I watched a food show once on TV featuring Alton Brown who shared a trick about how to eliminate the bitterness from coffee. You simply add a pinch of kosher salt to the coffee grounds before brewing. It causes some kind of chemical reaction that is beyond my understanding, but the result is absolute culinary magic! Just that tiny bit of salt really does cut the bitter aftertaste and creates the smoothest cup of coffee you’ve ever had in your life.
Interestingly, Colossians 4:6 says that our words are to be seasoned with grace like salt. I find it fascinating that the God of the universe (the Creator of those glorious coffee beans!), used the imagery of salt in reference to our attitudes. Like salt and coffee grounds, grace can cut through bitter character.
A new year is upon us, and with the changing of the calendar comes a question: What do you want to do differently this year? I’m not talking about New Year’s resolutions, but first impressions. Have you ever considered what impression your life makes on others, as a Christian, compared to who you were before you knew Christ? When people see us, do they see grace, or do we give off a vibe of bitterness or discontentment?
If you need a place to start, I encourage you to begin by finding ways to apply your Bible reading to your life personally. For example, take the chapter of Colossians 4 mentioned above. At the beginning of the chapter, Paul mentioned that we should be consistent in prayer, ask God for opportunities to share his word, and walk in wisdom. How can that be applied to your life, even this week? As you go about your daily routines at work, school, or home, why not ask the Lord to give you wisdom and to open your spiritual eyes to see opportunities to share your faith journey with others around you?
I think you might be surprised by how many opportunities you will recognize when you begin looking for them. Then when those opportunities arise, let your words be seasoned with grace as a reflection of Christ’s character.

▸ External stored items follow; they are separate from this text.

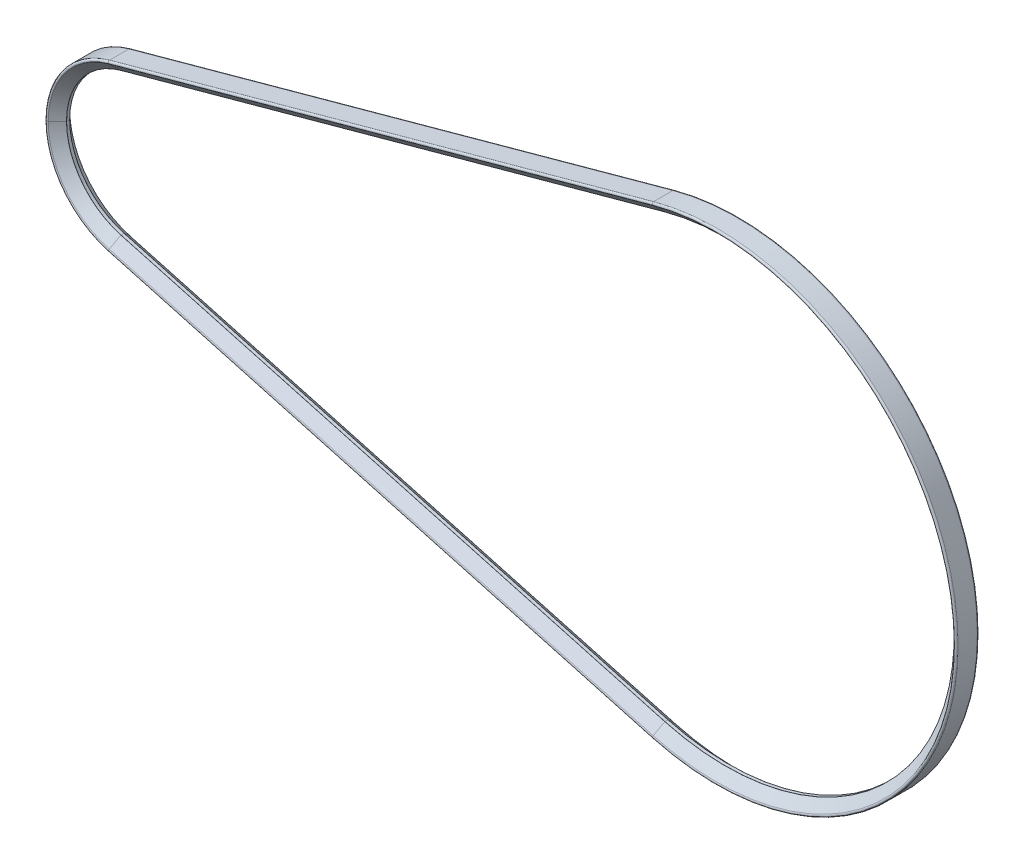
ISO-10303-21;
HEADER;
FILE_DESCRIPTION(('STEP AP214'),'2;1');
FILE_NAME('part.step','',(''),(''),'','','');
FILE_SCHEMA(('AUTOMOTIVE_DESIGN { 1 0 10303 214 1 1 1 1 }'));
ENDSEC;
DATA;
#1=APPLICATION_CONTEXT('core data for automotive mechanical design processes');
#2=APPLICATION_PROTOCOL_DEFINITION('international standard','automotive_design',2000,#1);
#3=PRODUCT_CONTEXT('',#1,'mechanical');
#4=PRODUCT('Part','Part','',(#3));
#5=PRODUCT_RELATED_PRODUCT_CATEGORY('part','',(#4));
#6=PRODUCT_DEFINITION_FORMATION('','',#4);
#7=PRODUCT_DEFINITION_CONTEXT('part definition',#1,'design');
#8=PRODUCT_DEFINITION('design','',#6,#7);
#9=PRODUCT_DEFINITION_SHAPE('','',#8);
#10=(LENGTH_UNIT() NAMED_UNIT(*) SI_UNIT(.MILLI.,.METRE.));
#11=(NAMED_UNIT(*) PLANE_ANGLE_UNIT() SI_UNIT($,.RADIAN.));
#12=(NAMED_UNIT(*) SI_UNIT($,.STERADIAN.) SOLID_ANGLE_UNIT());
#13=UNCERTAINTY_MEASURE_WITH_UNIT(LENGTH_MEASURE(1.E-05),#10,'distance_accuracy_value','');
#14=(GEOMETRIC_REPRESENTATION_CONTEXT(3) GLOBAL_UNCERTAINTY_ASSIGNED_CONTEXT((#13)) GLOBAL_UNIT_ASSIGNED_CONTEXT((#10,
#11,#12)) REPRESENTATION_CONTEXT('',''));
#15=CARTESIAN_POINT('',(0.,0.,0.));
#16=DIRECTION('',(0.,0.,1.));
#17=DIRECTION('',(1.,0.,0.));
#18=AXIS2_PLACEMENT_3D('',#15,#16,#17);
#19=CARTESIAN_POINT('',(-36.9999999999975,-8.77076189453874E-12,0.));
#20=DIRECTION('',(0.,0.,-1.));
#21=DIRECTION('',(-1.,0.,0.));
#22=AXIS2_PLACEMENT_3D('',#19,#20,#21);
#23=CYLINDRICAL_SURFACE('',#22,4.675);
#24=DIRECTION('',(0.,0.,-1.));
#25=VECTOR('',#24,1.);
#26=CARTESIAN_POINT('',(-38.2382432432398,-4.50803490122292,0.0999999999999893));
#27=LINE('',#26,#25);
#28=CARTESIAN_POINT('',(-38.2382432432398,-4.50803490122292,0.095857864376263));
#29=VERTEX_POINT('',#28);
#30=CARTESIAN_POINT('',(-38.2382432432398,-4.50803490122292,-0.0958578643762605));
#31=VERTEX_POINT('',#30);
#32=EDGE_CURVE('E220',#29,#31,#27,.T.);
#33=ORIENTED_EDGE('',*,*,#32,.T.);
#34=CARTESIAN_POINT('',(-36.9999999999975,-8.77076189453874E-12,-0.0958578643762606));
#35=DIRECTION('',(0.,0.,1.));
#36=DIRECTION('',(1.,0.,0.));
#37=AXIS2_PLACEMENT_3D('',#34,#35,#36);
#38=CIRCLE('',#37,4.675);
#39=CARTESIAN_POINT('',(-41.6749999999975,0.,-0.0958578643762606));
#40=VERTEX_POINT('',#39);
#41=EDGE_CURVE('E306',#31,#40,#38,.F.);
#42=ORIENTED_EDGE('',*,*,#41,.T.);
#43=DIRECTION('',(0.,0.,-1.));
#44=VECTOR('',#43,1.);
#45=CARTESIAN_POINT('',(-41.6749999999975,0.,0.0999999999999893));
#46=LINE('',#45,#44);
#47=CARTESIAN_POINT('',(-41.6749999999975,0.,0.0958578643762572));
#48=VERTEX_POINT('',#47);
#49=EDGE_CURVE('E192',#48,#40,#46,.T.);
#50=ORIENTED_EDGE('',*,*,#49,.F.);
#51=CARTESIAN_POINT('',(-36.9999999999975,-8.77076189453874E-12,0.0958578643762572));
#52=DIRECTION('',(0.,0.,1.));
#53=DIRECTION('',(1.,0.,0.));
#54=AXIS2_PLACEMENT_3D('',#51,#52,#53);
#55=CIRCLE('',#54,4.675);
#56=EDGE_CURVE('E304',#48,#29,#55,.T.);
#57=ORIENTED_EDGE('',*,*,#56,.T.);
#58=EDGE_LOOP('',(#33,#42,#50,#57));
#59=FACE_BOUND('',#58,.T.);
#60=ADVANCED_FACE('F39',(#59),#23,.F.);
#61=CARTESIAN_POINT('',(-36.9999999999975,-8.77076189453874E-12,0.85));
#62=DIRECTION('',(0.,0.,1.));
#63=DIRECTION('',(1.,0.,0.));
#64=AXIS2_PLACEMENT_3D('',#61,#62,#63);
#65=CONICAL_SURFACE('',#64,5.425,0.785398163397442);
#66=DIRECTION('',(0.187287742042575,0.681852844593749,-0.707106781186552));
#67=VECTOR('',#66,1.);
#68=CARTESIAN_POINT('',(-38.4368918918869,-5.23124905649829,0.85));
#69=LINE('',#68,#67);
#70=CARTESIAN_POINT('',(-38.3916766311964,-5.0666352180022,0.679289321881344));
#71=VERTEX_POINT('',#70);
#72=CARTESIAN_POINT('',(-38.239019014468,-4.51085922818066,0.102928932188128));
#73=VERTEX_POINT('',#72);
#74=EDGE_CURVE('E225',#71,#73,#69,.T.);
#75=ORIENTED_EDGE('',*,*,#74,.T.);
#76=CARTESIAN_POINT('',(-36.9999999999975,-8.77076189453874E-12,0.10292893218812));
#77=DIRECTION('',(0.,0.,-1.));
#78=DIRECTION('',(-1.,0.,0.));
#79=AXIS2_PLACEMENT_3D('',#76,#77,#78);
#80=CIRCLE('',#79,4.67792893218813);
#81=CARTESIAN_POINT('',(-41.6779289321857,0.,0.102928932188124));
#82=VERTEX_POINT('',#81);
#83=EDGE_CURVE('E61',#73,#82,#80,.T.);
#84=ORIENTED_EDGE('',*,*,#83,.T.);
#85=DIRECTION('',(0.707106781186543,0.,-0.707106781186552));
#86=VECTOR('',#85,1.);
#87=CARTESIAN_POINT('',(-42.4249999999975,0.,0.85));
#88=LINE('',#87,#86);
#89=CARTESIAN_POINT('',(-42.2542893218789,0.,0.679289321881346));
#90=VERTEX_POINT('',#89);
#91=EDGE_CURVE('E362',#90,#82,#88,.T.);
#92=ORIENTED_EDGE('',*,*,#91,.F.);
#93=CARTESIAN_POINT('',(-36.9999999999975,-8.77076189453874E-12,0.679289321881344));
#94=DIRECTION('',(0.,0.,-1.));
#95=DIRECTION('',(-1.,0.,0.));
#96=AXIS2_PLACEMENT_3D('',#93,#94,#95);
#97=CIRCLE('',#96,5.25428932188135);
#98=EDGE_CURVE('E253',#90,#71,#97,.F.);
#99=ORIENTED_EDGE('',*,*,#98,.T.);
#100=EDGE_LOOP('',(#75,#84,#92,#99));
#101=FACE_BOUND('',#100,.T.);
#102=ADVANCED_FACE('F449',(#101),#65,.F.);
#103=CARTESIAN_POINT('',(-36.9999999999975,-8.77076189453874E-12,0.));
#104=DIRECTION('',(0.,0.,-1.));
#105=DIRECTION('',(-1.,0.,0.));
#106=AXIS2_PLACEMENT_3D('',#103,#104,#105);
#107=CYLINDRICAL_SURFACE('',#106,5.425);
#108=DIRECTION('',(0.,0.,1.));
#109=VECTOR('',#108,1.);
#110=CARTESIAN_POINT('',(-42.4249999999975,0.,-0.85));
#111=LINE('',#110,#109);
#112=CARTESIAN_POINT('',(-42.4249999999975,0.,-0.608578643762691));
#113=VERTEX_POINT('',#112);
#114=CARTESIAN_POINT('',(-42.4249999999975,0.,0.608578643762692));
#115=VERTEX_POINT('',#114);
#116=EDGE_CURVE('E403',#113,#115,#111,.T.);
#117=ORIENTED_EDGE('',*,*,#116,.F.);
#118=CARTESIAN_POINT('',(-36.9999999999975,-8.77076189453874E-12,-0.608578643762691));
#119=DIRECTION('',(0.,0.,1.));
#120=DIRECTION('',(1.,0.,0.));
#121=AXIS2_PLACEMENT_3D('',#118,#119,#120);
#122=CIRCLE('',#121,5.425);
#123=CARTESIAN_POINT('',(-38.4368918918869,-5.23124905649829,-0.608578643762687));
#124=VERTEX_POINT('',#123);
#125=EDGE_CURVE('E234',#113,#124,#122,.T.);
#126=ORIENTED_EDGE('',*,*,#125,.T.);
#127=DIRECTION('',(0.,0.,1.));
#128=VECTOR('',#127,1.);
#129=CARTESIAN_POINT('',(-38.4368918918869,-5.23124905649829,-0.85));
#130=LINE('',#129,#128);
#131=CARTESIAN_POINT('',(-38.4368918918869,-5.23124905649829,0.60857864376269));
#132=VERTEX_POINT('',#131);
#133=EDGE_CURVE('E387',#124,#132,#130,.T.);
#134=ORIENTED_EDGE('',*,*,#133,.T.);
#135=CARTESIAN_POINT('',(-36.9999999999975,-8.77076189453874E-12,0.608578643762692));
#136=DIRECTION('',(0.,0.,1.));
#137=DIRECTION('',(1.,0.,0.));
#138=AXIS2_PLACEMENT_3D('',#135,#136,#137);
#139=CIRCLE('',#138,5.425);
#140=EDGE_CURVE('E232',#132,#115,#139,.F.);
#141=ORIENTED_EDGE('',*,*,#140,.T.);
#142=EDGE_LOOP('',(#117,#126,#134,#141));
#143=FACE_BOUND('',#142,.T.);
#144=ADVANCED_FACE('F462',(#143),#107,.T.);
#145=CARTESIAN_POINT('',(-3.83391891891587,-13.9580331968075,0.0999999999999893));
#146=DIRECTION('',(0.264864864864654,0.964285540366664,0.));
#147=DIRECTION('',(-0.964285540366664,0.264864864864654,0.));
#148=AXIS2_PLACEMENT_3D('',#145,#146,#147);
#149=PLANE('',#148);
#150=DIRECTION('',(0.,0.,-1.));
#151=VECTOR('',#150,1.);
#152=CARTESIAN_POINT('',(-3.83391891891586,-13.9580331968075,0.0999999999999893));
#153=LINE('',#152,#151);
#154=CARTESIAN_POINT('',(-3.83391891891586,-13.9580331968075,0.0958578643762621));
#155=VERTEX_POINT('',#154);
#156=CARTESIAN_POINT('',(-3.83391891891586,-13.9580331968075,-0.0958578643762595));
#157=VERTEX_POINT('',#156);
#158=EDGE_CURVE('E384',#155,#157,#153,.T.);
#159=ORIENTED_EDGE('',*,*,#158,.T.);
#160=DIRECTION('',(-0.964285540366664,0.264864864864654,0.));
#161=VECTOR('',#160,1.);
#162=CARTESIAN_POINT('',(-3.83391891891587,-13.9580331968075,-0.0958578643762595));
#163=LINE('',#162,#161);
#164=EDGE_CURVE('E320',#157,#31,#163,.T.);
#165=ORIENTED_EDGE('',*,*,#164,.T.);
#166=ORIENTED_EDGE('',*,*,#32,.F.);
#167=DIRECTION('',(-0.964285540366664,0.264864864864654,0.));
#168=VECTOR('',#167,1.);
#169=CARTESIAN_POINT('',(-3.83391891891587,-13.9580331968075,0.0958578643762621));
#170=LINE('',#169,#168);
#171=EDGE_CURVE('E318',#29,#155,#170,.F.);
#172=ORIENTED_EDGE('',*,*,#171,.T.);
#173=EDGE_LOOP('',(#159,#165,#166,#172));
#174=FACE_BOUND('',#173,.T.);
#175=ADVANCED_FACE('F515',(#174),#149,.T.);
#176=CARTESIAN_POINT('',(-4.032567567563,-14.6812473520828,0.85));
#177=DIRECTION('',(0.187287742043857,0.681852844593407,0.707106781186543));
#178=DIRECTION('',(0.,-0.719844357976628,0.694135505711396));
#179=AXIS2_PLACEMENT_3D('',#176,#177,#178);
#180=PLANE('',#179);
#181=DIRECTION('',(0.187287742042575,0.681852844593749,-0.707106781186552));
#182=VECTOR('',#181,1.);
#183=CARTESIAN_POINT('',(-4.03256756756299,-14.6812473520828,0.85));
#184=LINE('',#183,#182);
#185=CARTESIAN_POINT('',(-3.98735230687245,-14.5166335135867,0.679289321881347));
#186=VERTEX_POINT('',#185);
#187=CARTESIAN_POINT('',(-3.83469469014406,-13.9608575237652,0.102928932188125));
#188=VERTEX_POINT('',#187);
#189=EDGE_CURVE('E382',#186,#188,#184,.T.);
#190=ORIENTED_EDGE('',*,*,#189,.T.);
#191=DIRECTION('',(-0.964285540366664,0.264864864864654,0.));
#192=VECTOR('',#191,1.);
#193=CARTESIAN_POINT('',(-3.83469469014272,-13.9608575237656,0.102928932188125));
#194=LINE('',#193,#192);
#195=EDGE_CURVE('E11',#188,#73,#194,.T.);
#196=ORIENTED_EDGE('',*,*,#195,.T.);
#197=ORIENTED_EDGE('',*,*,#74,.F.);
#198=DIRECTION('',(-0.964285540366664,0.264864864864654,0.));
#199=VECTOR('',#198,1.);
#200=CARTESIAN_POINT('',(-3.98735230687215,-14.5166335135868,0.679289321881343));
#201=LINE('',#200,#199);
#202=EDGE_CURVE('E255',#71,#186,#201,.F.);
#203=ORIENTED_EDGE('',*,*,#202,.T.);
#204=EDGE_LOOP('',(#190,#196,#197,#203));
#205=FACE_BOUND('',#204,.T.);
#206=ADVANCED_FACE('F452',(#205),#180,.T.);
#207=CARTESIAN_POINT('',(-4.032567567563,-14.6812473520828,-0.85));
#208=DIRECTION('',(-0.264864864864654,-0.964285540366664,0.));
#209=DIRECTION('',(0.964285540366664,-0.264864864864654,0.));
#210=AXIS2_PLACEMENT_3D('',#207,#208,#209);
#211=PLANE('',#210);
#212=ORIENTED_EDGE('',*,*,#133,.F.);
#213=DIRECTION('',(-0.964285540366664,0.264864864864654,0.));
#214=VECTOR('',#213,1.);
#215=CARTESIAN_POINT('',(-4.032567567563,-14.6812473520828,-0.608578643762687));
#216=LINE('',#215,#214);
#217=CARTESIAN_POINT('',(-4.03256756756299,-14.6812473520828,-0.608578643762686));
#218=VERTEX_POINT('',#217);
#219=EDGE_CURVE('E241',#124,#218,#216,.F.);
#220=ORIENTED_EDGE('',*,*,#219,.T.);
#221=DIRECTION('',(0.,0.,1.));
#222=VECTOR('',#221,1.);
#223=CARTESIAN_POINT('',(-4.03256756756299,-14.6812473520828,-0.85));
#224=LINE('',#223,#222);
#225=CARTESIAN_POINT('',(-4.03256756756299,-14.6812473520828,0.60857864376269));
#226=VERTEX_POINT('',#225);
#227=EDGE_CURVE('E385',#218,#226,#224,.T.);
#228=ORIENTED_EDGE('',*,*,#227,.T.);
#229=DIRECTION('',(-0.964285540366664,0.264864864864654,0.));
#230=VECTOR('',#229,1.);
#231=CARTESIAN_POINT('',(-4.032567567563,-14.6812473520828,0.608578643762689));
#232=LINE('',#231,#230);
#233=EDGE_CURVE('E239',#226,#132,#232,.T.);
#234=ORIENTED_EDGE('',*,*,#233,.T.);
#235=EDGE_LOOP('',(#212,#220,#228,#234));
#236=FACE_BOUND('',#235,.T.);
#237=ADVANCED_FACE('F465',(#236),#211,.T.);
#238=CARTESIAN_POINT('',(-3.83391891891587,-13.9580331968075,-0.0999999999999893));
#239=DIRECTION('',(0.187287742043857,0.681852844593407,-0.707106781186543));
#240=DIRECTION('',(0.,0.719844357976628,0.694135505711396));
#241=AXIS2_PLACEMENT_3D('',#238,#239,#240);
#242=PLANE('',#241);
#243=DIRECTION('',(-0.187287742042575,-0.681852844593749,-0.707106781186552));
#244=VECTOR('',#243,1.);
#245=CARTESIAN_POINT('',(-38.2382432432398,-4.50803490122292,-0.0999999999999893));
#246=LINE('',#245,#244);
#247=CARTESIAN_POINT('',(-38.239019014468,-4.51085922818066,-0.102928932188126));
#248=VERTEX_POINT('',#247);
#249=CARTESIAN_POINT('',(-38.3916766311964,-5.0666352180022,-0.679289321881343));
#250=VERTEX_POINT('',#249);
#251=EDGE_CURVE('E393',#248,#250,#246,.T.);
#252=ORIENTED_EDGE('',*,*,#251,.F.);
#253=DIRECTION('',(-0.964285540366664,0.264864864864654,0.));
#254=VECTOR('',#253,1.);
#255=CARTESIAN_POINT('',(-3.83469469014408,-13.9608575237652,-0.102928932188125));
#256=LINE('',#255,#254);
#257=CARTESIAN_POINT('',(-3.83469469014406,-13.9608575237652,-0.102928932188124));
#258=VERTEX_POINT('',#257);
#259=EDGE_CURVE('E48',#248,#258,#256,.F.);
#260=ORIENTED_EDGE('',*,*,#259,.T.);
#261=DIRECTION('',(-0.187287742042575,-0.681852844593749,-0.707106781186552));
#262=VECTOR('',#261,1.);
#263=CARTESIAN_POINT('',(-3.83391891891586,-13.9580331968075,-0.0999999999999893));
#264=LINE('',#263,#262);
#265=CARTESIAN_POINT('',(-3.98735230687245,-14.5166335135867,-0.679289321881344));
#266=VERTEX_POINT('',#265);
#267=EDGE_CURVE('E391',#258,#266,#264,.T.);
#268=ORIENTED_EDGE('',*,*,#267,.T.);
#269=DIRECTION('',(-0.964285540366664,0.264864864864654,0.));
#270=VECTOR('',#269,1.);
#271=CARTESIAN_POINT('',(-3.98735230687351,-14.5166335135864,-0.679289321881342));
#272=LINE('',#271,#270);
#273=EDGE_CURVE('E236',#266,#250,#272,.T.);
#274=ORIENTED_EDGE('',*,*,#273,.T.);
#275=EDGE_LOOP('',(#252,#260,#268,#274));
#276=FACE_BOUND('',#275,.T.);
#277=ADVANCED_FACE('F414',(#276),#242,.T.);
#278=CARTESIAN_POINT('',(0.,0.,0.));
#279=DIRECTION('',(0.,0.,-1.));
#280=DIRECTION('',(-1.,0.,0.));
#281=AXIS2_PLACEMENT_3D('',#278,#279,#280);
#282=CYLINDRICAL_SURFACE('',#281,14.475);
#283=DIRECTION('',(0.,0.,-1.));
#284=VECTOR('',#283,1.);
#285=CARTESIAN_POINT('',(-3.83391891892245,13.9580331968056,0.0999999999999893));
#286=LINE('',#285,#284);
#287=CARTESIAN_POINT('',(-3.83391891892245,13.9580331968056,0.0958578643762515));
#288=VERTEX_POINT('',#287);
#289=CARTESIAN_POINT('',(-3.83391891892245,13.9580331968056,-0.0958578643762561));
#290=VERTEX_POINT('',#289);
#291=EDGE_CURVE('E380',#288,#290,#286,.T.);
#292=ORIENTED_EDGE('',*,*,#291,.T.);
#293=CARTESIAN_POINT('',(0.,0.,-0.0958578643762572));
#294=DIRECTION('',(0.,0.,1.));
#295=DIRECTION('',(1.,0.,0.));
#296=AXIS2_PLACEMENT_3D('',#293,#294,#295);
#297=CIRCLE('',#296,14.475);
#298=EDGE_CURVE('E287',#290,#157,#297,.F.);
#299=ORIENTED_EDGE('',*,*,#298,.T.);
#300=ORIENTED_EDGE('',*,*,#158,.F.);
#301=CARTESIAN_POINT('',(0.,0.,0.0958578643762612));
#302=DIRECTION('',(0.,0.,1.));
#303=DIRECTION('',(1.,0.,0.));
#304=AXIS2_PLACEMENT_3D('',#301,#302,#303);
#305=CIRCLE('',#304,14.475);
#306=EDGE_CURVE('E262',#155,#288,#305,.T.);
#307=ORIENTED_EDGE('',*,*,#306,.T.);
#308=EDGE_LOOP('',(#292,#299,#300,#307));
#309=FACE_BOUND('',#308,.T.);
#310=ADVANCED_FACE('F497',(#309),#282,.F.);
#311=CARTESIAN_POINT('',(0.,0.,0.85));
#312=DIRECTION('',(0.,0.,1.));
#313=DIRECTION('',(1.,0.,0.));
#314=AXIS2_PLACEMENT_3D('',#311,#312,#313);
#315=CONICAL_SURFACE('',#314,15.225,0.785398163397443);
#316=DIRECTION('',(0.187287742045456,-0.681852844592958,-0.707106781186552));
#317=VECTOR('',#316,1.);
#318=CARTESIAN_POINT('',(-4.03256756757264,14.6812473520802,0.85));
#319=LINE('',#318,#317);
#320=CARTESIAN_POINT('',(-3.9873523068814,14.5166335135843,0.67928932188134));
#321=VERTEX_POINT('',#320);
#322=CARTESIAN_POINT('',(-3.83469469015066,13.9608575237634,0.102928932188117));
#323=VERTEX_POINT('',#322);
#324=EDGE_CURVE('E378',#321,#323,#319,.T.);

Faith cannot be fueled by emotions. Just like a marriage has ups & downs, our spiritual journey is not all mountaintops. Trust God anyway.
Have you ever felt at rock bottom, spiritually? I have. It’s important to not wallow there, though. God can work through those trials, too.
We often talk about our spiritual lives as a journey or a walk. It’s not a one-shot deal; it’s a process. Let God mold you as he sees fit.
Do you have an accountability partner or Life group to keep your spiritual walk on track? We all need encouragement & support.
There’s no cure for rust; it has to be cut out and replaced. Be careful not to let the things of this world corrode your spiritual life.
Don’t let a desire to be in control keep you from trusting God on the unseen and unanticipated twists & turns in your life journey.
Recovering addicts often measure sobriety in terms of days. What can you say about your spiritual life today that is better than yesterday?
Do you have a safe place to be real & talk openly about life’s challenges & your spiritual journey? A Life group is a great starting point.
Whether you make annual New Year resolutions or not, there’s something about another January rolling around that causes us to think about changes. My eldest asked the other day if I had any resolutions this year, and I simply said, “Graduate.” I’ve been working toward this goal for the past four years, although it feels like decades when I’m stumped on part of my research. Graduation is a tangible result – a date, a ceremony, a fancy robe and a piece of paper to prove what I’ve accomplished.
Not all goals are so concrete, though. Some goals we strive toward our whole lives and never quite see the end result. Take your spiritual journey, for example. I reckon if you asked any champion of faith if they have reached the ultimate goal of their Christian walk, they would probably say no. In Philippians 3, the apostle Paul (definitely a big name in church history!) wrote that he was still striving for the finish line.
I love the repeating stanza that the songwriter wrote in Psalm 80 (NIRV): “God, make us new again. Let your face smile on us with favor. Then we will be saved.” Is there anything greater that we could achieve than to experience the Lord’s favor? Everything else seems to pale in comparison.
Our faith journey is not like graduation, where you receive a diploma and call it done. Again and again, we need to be renewed. Over and over, we need to refuel our efforts. As Paul stated in Philippians 3:20, we are citizens of heaven, and until the Lord returns to stamp our eternal passports, we have work yet to do. Let’s make the most of it in the coming year.